Where the data below begins, start retyping exactly, and end on the line with "#18=AXIS2_PLACEMENT_3D('',#15,#16,#17);", which is included; no picture goes in.

- _DATASET RECORDS_:

□ □ □ □

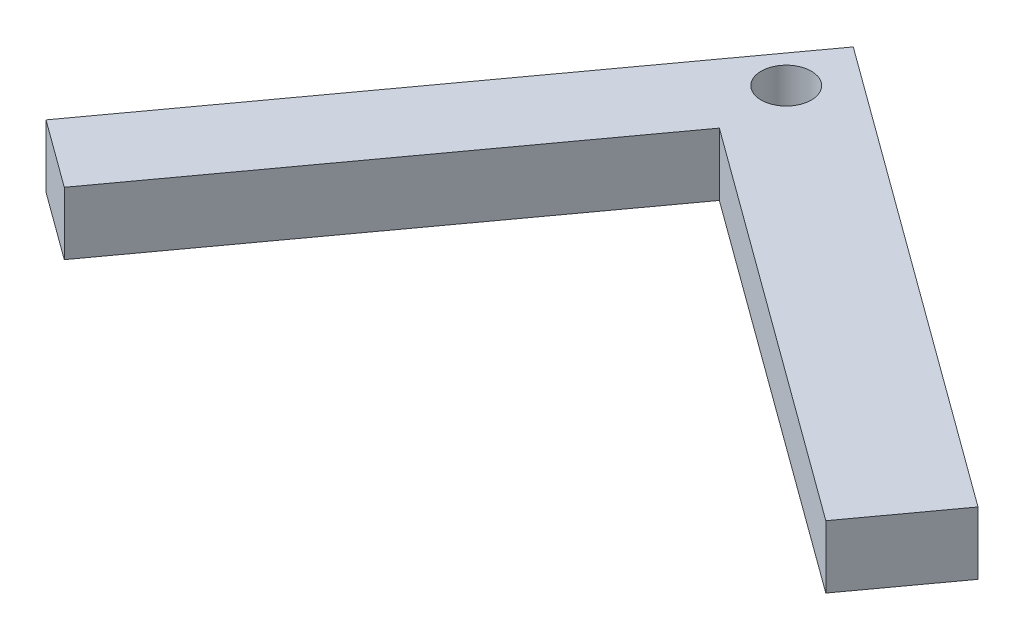
ISO-10303-21;
HEADER;
FILE_DESCRIPTION(('STEP AP214'),'2;1');
FILE_NAME('part.step','',(''),(''),'','','');
FILE_SCHEMA(('AUTOMOTIVE_DESIGN { 1 0 10303 214 1 1 1 1 }'));
ENDSEC;
DATA;
#1=APPLICATION_CONTEXT('core data for automotive mechanical design processes');
#2=APPLICATION_PROTOCOL_DEFINITION('international standard','automotive_design',2000,#1);
#3=PRODUCT_CONTEXT('',#1,'mechanical');
#4=PRODUCT('Part','Part','',(#3));
#5=PRODUCT_RELATED_PRODUCT_CATEGORY('part','',(#4));
#6=PRODUCT_DEFINITION_FORMATION('','',#4);
#7=PRODUCT_DEFINITION_CONTEXT('part definition',#1,'design');
#8=PRODUCT_DEFINITION('design','',#6,#7);
#9=PRODUCT_DEFINITION_SHAPE('','',#8);
#10=(LENGTH_UNIT() NAMED_UNIT(*) SI_UNIT(.MILLI.,.METRE.));
#11=(NAMED_UNIT(*) PLANE_ANGLE_UNIT() SI_UNIT($,.RADIAN.));
#12=(NAMED_UNIT(*) SI_UNIT($,.STERADIAN.) SOLID_ANGLE_UNIT());
#13=UNCERTAINTY_MEASURE_WITH_UNIT(LENGTH_MEASURE(1.E-05),#10,'distance_accuracy_value','');
#14=(GEOMETRIC_REPRESENTATION_CONTEXT(3) GLOBAL_UNCERTAINTY_ASSIGNED_CONTEXT((#13)) GLOBAL_UNIT_ASSIGNED_CONTEXT((#10,
#11,#12)) REPRESENTATION_CONTEXT('',''));
#15=CARTESIAN_POINT('',(0.,0.,0.));
#16=DIRECTION('',(0.,0.,1.));
#17=DIRECTION('',(1.,0.,0.));
#18=AXIS2_PLACEMENT_3D('',#15,#16,#17);
#19=CARTESIAN_POINT('',(23.9023011178696,3.81,17.4316150359398));
#20=DIRECTION('',(-0.807961604492388,0.,-0.589235136143532));
#21=DIRECTION('',(-0.589235136143532,0.,0.807961604492388));
#22=AXIS2_PLACEMENT_3D('',#19,#20,#21);
#23=PLANE('',#22);
#24=DIRECTION('',(0.589235136143532,0.,-0.807961604492388));
#25=VECTOR('',#24,1.);
#26=CARTESIAN_POINT('',(23.9023011178696,0.,17.4316150359398));
#27=LINE('',#26,#25);
#28=CARTESIAN_POINT('',(23.9023011178696,0.,17.4316150359398));
#29=VERTEX_POINT('',#28);
#30=CARTESIAN_POINT('',(27.8032645122279,0.,12.0825982345995));
#31=VERTEX_POINT('',#30);
#32=EDGE_CURVE('E132',#29,#31,#27,.T.);
#33=ORIENTED_EDGE('',*,*,#32,.T.);
#34=DIRECTION('',(0.,-1.,0.));
#35=VECTOR('',#34,1.);
#36=CARTESIAN_POINT('',(27.8032645122279,3.81,12.0825982345995));
#37=LINE('',#36,#35);
#38=CARTESIAN_POINT('',(27.8032645122279,3.81,12.0825982345995));
#39=VERTEX_POINT('',#38);
#40=EDGE_CURVE('E11',#39,#31,#37,.T.);
#41=ORIENTED_EDGE('',*,*,#40,.F.);
#42=DIRECTION('',(0.589235136143532,0.,-0.807961604492388));
#43=VECTOR('',#42,1.);
#44=CARTESIAN_POINT('',(23.9023011178696,3.81,17.4316150359398));
#45=LINE('',#44,#43);
#46=CARTESIAN_POINT('',(23.9023011178696,3.81,17.4316150359398));
#47=VERTEX_POINT('',#46);
#48=EDGE_CURVE('E152',#47,#39,#45,.T.);
#49=ORIENTED_EDGE('',*,*,#48,.F.);
#50=DIRECTION('',(0.,-1.,0.));
#51=VECTOR('',#50,1.);
#52=CARTESIAN_POINT('',(23.9023011178696,3.81,17.4316150359398));
#53=LINE('',#52,#51);
#54=EDGE_CURVE('E128',#47,#29,#53,.T.);
#55=ORIENTED_EDGE('',*,*,#54,.T.);
#56=EDGE_LOOP('',(#33,#41,#49,#55));
#57=FACE_BOUND('',#56,.T.);
#58=ADVANCED_FACE('F45',(#57),#23,.F.);
#59=CARTESIAN_POINT('',(27.8032645122279,3.81,12.0825982345995));
#60=DIRECTION('',(-0.589235136143531,0.,0.807961604492388));
#61=DIRECTION('',(0.807961604492388,0.,0.589235136143531));
#62=AXIS2_PLACEMENT_3D('',#59,#60,#61);
#63=PLANE('',#62);
#64=DIRECTION('',(-0.807961604492388,0.,-0.589235136143531));
#65=VECTOR('',#64,1.);
#66=CARTESIAN_POINT('',(27.8032645122279,0.,12.0825982345995));
#67=LINE('',#66,#65);
#68=CARTESIAN_POINT('',(-0.203481556463037,0.,-8.34233129294946));
#69=VERTEX_POINT('',#68);
#70=EDGE_CURVE('E136',#31,#69,#67,.T.);
#71=ORIENTED_EDGE('',*,*,#70,.T.);
#72=DIRECTION('',(0.,-1.,0.));
#73=VECTOR('',#72,1.);
#74=CARTESIAN_POINT('',(-0.203481556463037,3.81,-8.34233129294946));
#75=LINE('',#74,#73);
#76=CARTESIAN_POINT('',(-0.203481556463037,3.81,-8.34233129294946));
#77=VERTEX_POINT('',#76);
#78=EDGE_CURVE('E54',#77,#69,#75,.T.);
#79=ORIENTED_EDGE('',*,*,#78,.F.);
#80=DIRECTION('',(-0.807961604492388,0.,-0.589235136143531));
#81=VECTOR('',#80,1.);
#82=CARTESIAN_POINT('',(27.8032645122279,3.81,12.0825982345995));
#83=LINE('',#82,#81);
#84=EDGE_CURVE('E95',#39,#77,#83,.T.);
#85=ORIENTED_EDGE('',*,*,#84,.F.);
#86=ORIENTED_EDGE('',*,*,#40,.T.);
#87=EDGE_LOOP('',(#71,#79,#85,#86));
#88=FACE_BOUND('',#87,.T.);
#89=ADVANCED_FACE('F162',(#88),#63,.F.);
#90=CARTESIAN_POINT('',(-20.8955402841774,3.81,20.0307034166139));
#91=DIRECTION('',(-0.807961604492386,0.,-0.589235136143534));
#92=DIRECTION('',(-0.589235136143534,0.,0.807961604492386));
#93=AXIS2_PLACEMENT_3D('',#90,#91,#92);
#94=PLANE('',#93);
#95=DIRECTION('',(0.589235136143534,0.,-0.807961604492386));
#96=VECTOR('',#95,1.);
#97=CARTESIAN_POINT('',(-20.8955402841774,0.,20.0307034166139));
#98=LINE('',#97,#96);
#99=CARTESIAN_POINT('',(-20.8955402841774,0.,20.0307034166139));
#100=VERTEX_POINT('',#99);
#101=EDGE_CURVE('E141',#100,#69,#98,.T.);
#102=ORIENTED_EDGE('',*,*,#101,.F.);
#103=DIRECTION('',(0.,-1.,0.));
#104=VECTOR('',#103,1.);
#105=CARTESIAN_POINT('',(-20.8955402841774,3.81,20.0307034166139));
#106=LINE('',#105,#104);
#107=CARTESIAN_POINT('',(-20.8955402841774,3.81,20.0307034166139));
#108=VERTEX_POINT('',#107);
#109=EDGE_CURVE('E115',#108,#100,#106,.T.);
#110=ORIENTED_EDGE('',*,*,#109,.F.);
#111=DIRECTION('',(0.589235136143534,0.,-0.807961604492386));
#112=VECTOR('',#111,1.);
#113=CARTESIAN_POINT('',(-20.8955402841774,3.81,20.0307034166139));
#114=LINE('',#113,#112);
#115=EDGE_CURVE('E121',#108,#77,#114,.T.);
#116=ORIENTED_EDGE('',*,*,#115,.T.);
#117=ORIENTED_EDGE('',*,*,#78,.T.);
#118=EDGE_LOOP('',(#102,#110,#116,#117));
#119=FACE_BOUND('',#118,.T.);
#120=ADVANCED_FACE('F161',(#119),#94,.T.);
#121=CARTESIAN_POINT('',(-16.7910953333561,3.81,23.024017908223));
#122=DIRECTION('',(-0.589235136143534,0.,0.807961604492386));
#123=DIRECTION('',(0.807961604492386,0.,0.589235136143534));
#124=AXIS2_PLACEMENT_3D('',#121,#122,#123);
#125=PLANE('',#124);
#126=DIRECTION('',(-0.807961604492386,0.,-0.589235136143535));
#127=VECTOR('',#126,1.);
#128=CARTESIAN_POINT('',(-16.7910953333561,0.,23.024017908223));
#129=LINE('',#128,#127);
#130=CARTESIAN_POINT('',(-16.7910953333561,0.,23.024017908223));
#131=VERTEX_POINT('',#130);
#132=EDGE_CURVE('E109',#131,#100,#129,.T.);
#133=ORIENTED_EDGE('',*,*,#132,.F.);
#134=DIRECTION('',(0.,-1.,0.));
#135=VECTOR('',#134,1.);
#136=CARTESIAN_POINT('',(-16.7910953333561,3.81,23.024017908223));
#137=LINE('',#136,#135);
#138=CARTESIAN_POINT('',(-16.7910953333561,3.81,23.024017908223));
#139=VERTEX_POINT('',#138);
#140=EDGE_CURVE('E104',#139,#131,#137,.T.);
#141=ORIENTED_EDGE('',*,*,#140,.F.);
#142=DIRECTION('',(-0.807961604492386,0.,-0.589235136143535));
#143=VECTOR('',#142,1.);
#144=CARTESIAN_POINT('',(-16.7910953333561,3.81,23.024017908223));
#145=LINE('',#144,#143);
#146=EDGE_CURVE('E107',#139,#108,#145,.T.);
#147=ORIENTED_EDGE('',*,*,#146,.T.);
#148=ORIENTED_EDGE('',*,*,#109,.T.);
#149=EDGE_LOOP('',(#133,#141,#147,#148));
#150=FACE_BOUND('',#149,.T.);
#151=ADVANCED_FACE('F106',(#150),#125,.T.);
#152=CARTESIAN_POINT('',(0.,3.81,0.));
#153=DIRECTION('',(0.807961604492386,0.,0.589235136143534));
#154=DIRECTION('',(0.589235136143534,0.,-0.807961604492386));
#155=AXIS2_PLACEMENT_3D('',#152,#153,#154);
#156=PLANE('',#155);
#157=DIRECTION('',(-0.589235136143535,0.,0.807961604492386));
#158=VECTOR('',#157,1.);
#159=CARTESIAN_POINT('',(0.,0.,0.));
#160=LINE('',#159,#158);
#161=CARTESIAN_POINT('',(0.,0.,0.));
#162=VERTEX_POINT('',#161);
#163=EDGE_CURVE('E147',#162,#131,#160,.T.);
#164=ORIENTED_EDGE('',*,*,#163,.F.);
#165=DIRECTION('',(0.,-1.,0.));
#166=VECTOR('',#165,1.);
#167=CARTESIAN_POINT('',(0.,3.81,0.));
#168=LINE('',#167,#166);
#169=CARTESIAN_POINT('',(0.,3.81,0.));
#170=VERTEX_POINT('',#169);
#171=EDGE_CURVE('E84',#170,#162,#168,.T.);
#172=ORIENTED_EDGE('',*,*,#171,.F.);
#173=DIRECTION('',(-0.589235136143535,0.,0.807961604492386));
#174=VECTOR('',#173,1.);
#175=CARTESIAN_POINT('',(0.,3.81,0.));
#176=LINE('',#175,#174);
#177=EDGE_CURVE('E119',#170,#139,#176,.T.);
#178=ORIENTED_EDGE('',*,*,#177,.T.);
#179=ORIENTED_EDGE('',*,*,#140,.T.);
#180=EDGE_LOOP('',(#164,#172,#178,#179));
#181=FACE_BOUND('',#180,.T.);
#182=ADVANCED_FACE('F124',(#181),#156,.T.);
#183=CARTESIAN_POINT('',(0.,3.81,0.));
#184=DIRECTION('',(0.589235136143532,0.,-0.807961604492388));
#185=DIRECTION('',(-0.807961604492388,0.,-0.589235136143532));
#186=AXIS2_PLACEMENT_3D('',#183,#184,#185);
#187=PLANE('',#186);
#188=DIRECTION('',(0.807961604492388,0.,0.589235136143532));
#189=VECTOR('',#188,1.);
#190=CARTESIAN_POINT('',(0.,0.,0.));
#191=LINE('',#190,#189);
#192=EDGE_CURVE('E87',#162,#29,#191,.T.);
#193=ORIENTED_EDGE('',*,*,#192,.T.);
#194=ORIENTED_EDGE('',*,*,#54,.F.);
#195=DIRECTION('',(0.807961604492388,0.,0.589235136143532));
#196=VECTOR('',#195,1.);
#197=CARTESIAN_POINT('',(0.,3.81,0.));
#198=LINE('',#197,#196);
#199=EDGE_CURVE('E62',#170,#47,#198,.T.);
#200=ORIENTED_EDGE('',*,*,#199,.F.);
#201=ORIENTED_EDGE('',*,*,#171,.T.);
#202=EDGE_LOOP('',(#193,#194,#200,#201));
#203=FACE_BOUND('',#202,.T.);
#204=ADVANCED_FACE('F169',(#203),#187,.F.);
#205=CARTESIAN_POINT('',(0.,3.81,0.));
#206=DIRECTION('',(0.,1.,0.));
#207=DIRECTION('',(0.,0.,1.));
#208=AXIS2_PLACEMENT_3D('',#205,#206,#207);
#209=PLANE('',#208);
#210=CARTESIAN_POINT('',(-0.203481556463037,3.81,-4.26828051159255));
#211=DIRECTION('',(0.,1.,0.));
#212=DIRECTION('',(0.,0.,1.));
#213=AXIS2_PLACEMENT_3D('',#210,#211,#212);
#214=CIRCLE('',#213,1.524);
#215=CARTESIAN_POINT('',(-0.203481556463037,3.81,-2.74428051159255));
#216=VERTEX_POINT('',#215);
#217=EDGE_CURVE('E236',#216,#216,#214,.T.);
#218=ORIENTED_EDGE('',*,*,#217,.F.);
#219=EDGE_LOOP('',(#218));
#220=FACE_BOUND('',#219,.T.);
#221=ORIENTED_EDGE('',*,*,#48,.T.);
#222=ORIENTED_EDGE('',*,*,#84,.T.);
#223=ORIENTED_EDGE('',*,*,#115,.F.);
#224=ORIENTED_EDGE('',*,*,#146,.F.);
#225=ORIENTED_EDGE('',*,*,#177,.F.);
#226=ORIENTED_EDGE('',*,*,#199,.T.);
#227=EDGE_LOOP('',(#221,#222,#223,#224,#225,#226));
#228=FACE_BOUND('',#227,.T.);
#229=ADVANCED_FACE('F118',(#220,#228),#209,.T.);
#230=CARTESIAN_POINT('',(0.,0.,0.));
#231=DIRECTION('',(0.,1.,0.));
#232=DIRECTION('',(0.,0.,1.));
#233=AXIS2_PLACEMENT_3D('',#230,#231,#232);
#234=PLANE('',#233);
#235=CARTESIAN_POINT('',(-0.203481556463037,0.,-4.26828051159255));
#236=DIRECTION('',(0.,1.,0.));
#237=DIRECTION('',(0.,0.,1.));
#238=AXIS2_PLACEMENT_3D('',#235,#236,#237);
#239=CIRCLE('',#238,1.524);
#240=CARTESIAN_POINT('',(-0.203481556463037,0.,-2.74428051159255));
#241=VERTEX_POINT('',#240);
#242=EDGE_CURVE('E137',#241,#241,#239,.T.);
#243=ORIENTED_EDGE('',*,*,#242,.T.);
#244=EDGE_LOOP('',(#243));
#245=FACE_BOUND('',#244,.T.);
#246=ORIENTED_EDGE('',*,*,#32,.F.);
#247=ORIENTED_EDGE('',*,*,#192,.F.);
#248=ORIENTED_EDGE('',*,*,#163,.T.);
#249=ORIENTED_EDGE('',*,*,#132,.T.);
#250=ORIENTED_EDGE('',*,*,#101,.T.);
#251=ORIENTED_EDGE('',*,*,#70,.F.);
#252=EDGE_LOOP('',(#246,#247,#248,#249,#250,#251));
#253=FACE_BOUND('',#252,.T.);
#254=ADVANCED_FACE('F166',(#245,#253),#234,.F.);
#255=CARTESIAN_POINT('',(-0.203481556463037,0.,-4.26828051159255));
#256=DIRECTION('',(0.,1.,0.));
#257=DIRECTION('',(0.,0.,1.));
#258=AXIS2_PLACEMENT_3D('',#255,#256,#257);
#259=CYLINDRICAL_SURFACE('',#258,1.524);
#260=ORIENTED_EDGE('',*,*,#242,.F.);
#261=EDGE_LOOP('',(#260));
#262=FACE_BOUND('',#261,.T.);
#263=ORIENTED_EDGE('',*,*,#217,.T.);
#264=EDGE_LOOP('',(#263));
#265=FACE_BOUND('',#264,.T.);
#266=ADVANCED_FACE('F219',(#262,#265),#259,.F.);
#267=CLOSED_SHELL('',(#58,#89,#120,#151,#182,#204,#229,#254,#266));
#268=MANIFOLD_SOLID_BREP('B2',#267);
#269=ADVANCED_BREP_SHAPE_REPRESENTATION('',(#18,#268),#14);
#270=SHAPE_DEFINITION_REPRESENTATION(#9,#269);
ENDSEC;
END-ISO-10303-21;

□ □ □ □

- _EXPECTED OUTPUT_:
ISO-10303-21;
HEADER;
FILE_DESCRIPTION(('STEP AP214'),'2;1');
FILE_NAME('part.step','',(''),(''),'','','');
FILE_SCHEMA(('AUTOMOTIVE_DESIGN { 1 0 10303 214 1 1 1 1 }'));
ENDSEC;
DATA;
#1=APPLICATION_CONTEXT('core data for automotive mechanical design processes');
#2=APPLICATION_PROTOCOL_DEFINITION('international standard','automotive_design',2000,#1);
#3=PRODUCT_CONTEXT('',#1,'mechanical');
#4=PRODUCT('Part','Part','',(#3));
#5=PRODUCT_RELATED_PRODUCT_CATEGORY('part','',(#4));
#6=PRODUCT_DEFINITION_FORMATION('','',#4);
#7=PRODUCT_DEFINITION_CONTEXT('part definition',#1,'design');
#8=PRODUCT_DEFINITION('design','',#6,#7);
#9=PRODUCT_DEFINITION_SHAPE('','',#8);
#10=(LENGTH_UNIT() NAMED_UNIT(*) SI_UNIT(.MILLI.,.METRE.));
#11=(NAMED_UNIT(*) PLANE_ANGLE_UNIT() SI_UNIT($,.RADIAN.));
#12=(NAMED_UNIT(*) SI_UNIT($,.STERADIAN.) SOLID_ANGLE_UNIT());
#13=UNCERTAINTY_MEASURE_WITH_UNIT(LENGTH_MEASURE(1.E-05),#10,'distance_accuracy_value','');
#14=(GEOMETRIC_REPRESENTATION_CONTEXT(3) GLOBAL_UNCERTAINTY_ASSIGNED_CONTEXT((#13)) GLOBAL_UNIT_ASSIGNED_CONTEXT((#10,
#11,#12)) REPRESENTATION_CONTEXT('',''));
#15=CARTESIAN_POINT('',(0.,0.,0.));
#16=DIRECTION('',(0.,0.,1.));
#17=DIRECTION('',(1.,0.,0.));
#18=AXIS2_PLACEMENT_3D('',#15,#16,#17);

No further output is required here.